## Problem:
Give back the data exactly, with no images.
******************************
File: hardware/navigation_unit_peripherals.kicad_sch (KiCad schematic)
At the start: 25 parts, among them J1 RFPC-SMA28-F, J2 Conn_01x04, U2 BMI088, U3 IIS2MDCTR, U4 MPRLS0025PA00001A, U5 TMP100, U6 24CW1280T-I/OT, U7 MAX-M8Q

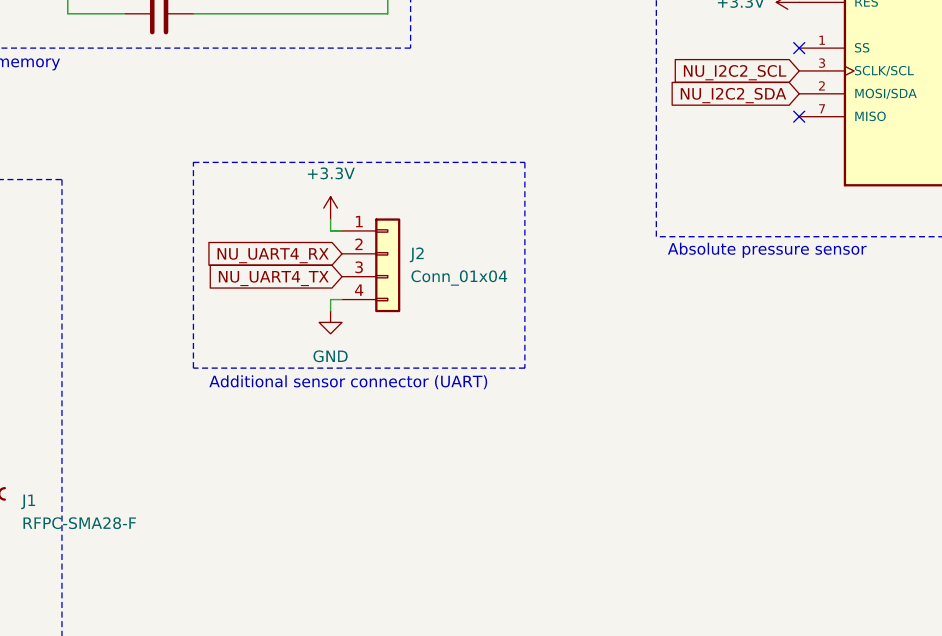
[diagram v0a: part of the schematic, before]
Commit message: schematic and BOM done
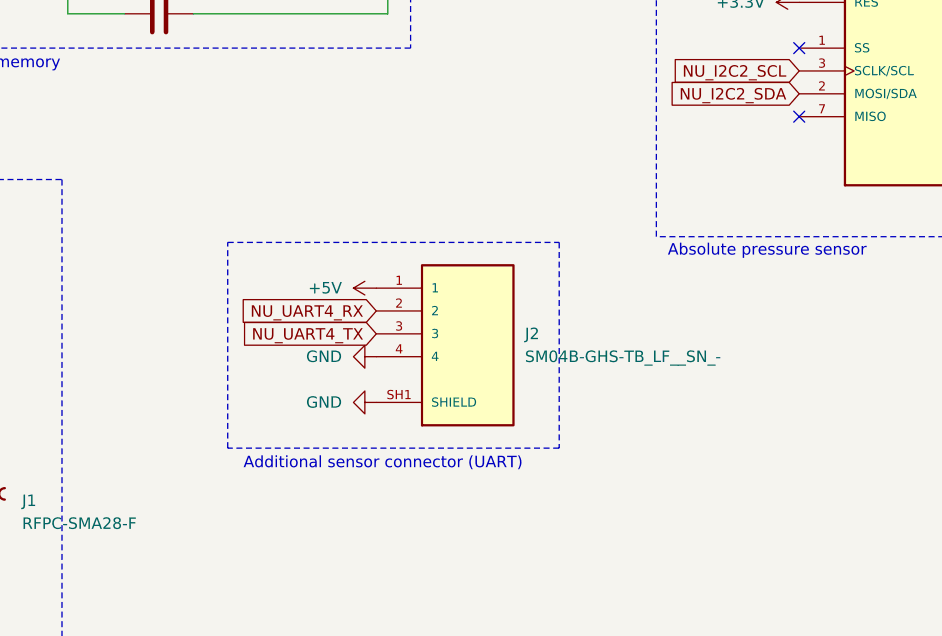
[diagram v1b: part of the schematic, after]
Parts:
- removed J2: Conn_01x04, symbol Connector_Generic:Conn_01x04
- added J2: SM04B-GHS-TB_LF__SN_-, airplane:JST_SM04B-GHS-TB_LF__SN_-, symbol components:SM04B-GHS-TB_LF__SN_-
- C14, C15, C16, C17, C19, C20, C21, C22, C23, C24, C25, C26: footprint (none) -> Capacitor_SMD:C_0603_1608Metric
- C18: footprint (none) -> Capacitor_SMD:C_0805_2012Metric
- J1: footprint RFPC-SMA28-F:GRADCONN_RFPC-SMA28-F -> airplane:GRADCONN_RFPC-SMA28-F; Manufacturer Part Number (none) -> RFPC-SMA28-F
- JP1: footprint (none) -> Jumper:SolderJumper-3_P1.3mm_Open_RoundedPad1.0x1.5mm
- L1: footprint (none) -> Inductor_SMD:L_0603_1608Metric
- R13, R14: footprint (none) -> Resistor_SMD:R_0603_1608Metric
- U2: Manufacturer Part Number (none) -> BMI088
- U3: footprint LGA-12_2X2X0P7_STM -> airplane:LGA-12_2X2X0P7_STM; Manufacturer Part Number (none) -> IIS2MDCTR
- U4: footprint MPRLS0025PA00001A:XDCR_MPRLS0025PA00001A -> airplane:XDCR_MPRLS0025PA00001A; Manufacturer Part Number (none) -> MPRLS0025PA00001A
- U5: Manufacturer Part Number (none) -> TMP100NA/3K
- U6: footprint SOT-23-5_2P9X1P6_MCH -> airplane:SOT-23-5_2P9X1P6_MCH; Manufacturer Part Number (none) -> 24CW1280T-I/OT
- U7: Manufacturer Part Number (none) -> MAX-M8Q
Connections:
- net GND: now also J2.4, J2.SH1 (SHIELD), J2.SH2 (SHIELD)
- net NU_UART4_RX: now also J2.2
- net NU_UART4_TX: now also J2.3
- new net +5V: J2.1
******************************
## Output:
File: hardware/navigation_unit_peripherals.kicad_sch (KiCad schematic)
At the start: 25 parts, among them J1 RFPC-SMA28-F, J2 Conn_01x04, U2 BMI088, U3 IIS2MDCTR, U4 MPRLS0025PA00001A, U5 TMP100, U6 24CW1280T-I/OT, U7 MAX-M8Q

[diagram v0a: part of the schematic, before]
Commit message: schematic and BOM done
[diagram v1b: part of the schematic, after]
Parts:
- removed J2: Conn_01x04, symbol Connector_Generic:Conn_01x04
- added J2: SM04B-GHS-TB_LF__SN_-, airplane:JST_SM04B-GHS-TB_LF__SN_-, symbol components:SM04B-GHS-TB_LF__SN_-
- C14, C15, C16, C17, C19, C20, C21, C22, C23, C24, C25, C26: footprint (none) -> Capacitor_SMD:C_0603_1608Metric
- C18: footprint (none) -> Capacitor_SMD:C_0805_2012Metric
- J1: footprint RFPC-SMA28-F:GRADCONN_RFPC-SMA28-F -> airplane:GRADCONN_RFPC-SMA28-F; Manufacturer Part Number (none) -> RFPC-SMA28-F
- JP1: footprint (none) -> Jumper:SolderJumper-3_P1.3mm_Open_RoundedPad1.0x1.5mm
- L1: footprint (none) -> Inductor_SMD:L_0603_1608Metric
- R13, R14: footprint (none) -> Resistor_SMD:R_0603_1608Metric
- U2: Manufacturer Part Number (none) -> BMI088
- U3: footprint LGA-12_2X2X0P7_STM -> airplane:LGA-12_2X2X0P7_STM; Manufacturer Part Number (none) -> IIS2MDCTR
- U4: footprint MPRLS0025PA00001A:XDCR_MPRLS0025PA00001A -> airplane:XDCR_MPRLS0025PA00001A; Manufacturer Part Number (none) -> MPRLS0025PA00001A
- U5: Manufacturer Part Number (none) -> TMP100NA/3K
- U6: footprint SOT-23-5_2P9X1P6_MCH -> airplane:SOT-23-5_2P9X1P6_MCH; Manufacturer Part Number (none) -> 24CW1280T-I/OT
- U7: Manufacturer Part Number (none) -> MAX-M8Q
Connections:
- net GND: now also J2.4, J2.SH1 (SHIELD), J2.SH2 (SHIELD)
- net NU_UART4_RX: now also J2.2
- net NU_UART4_TX: now also J2.3
- new net +5V: J2.1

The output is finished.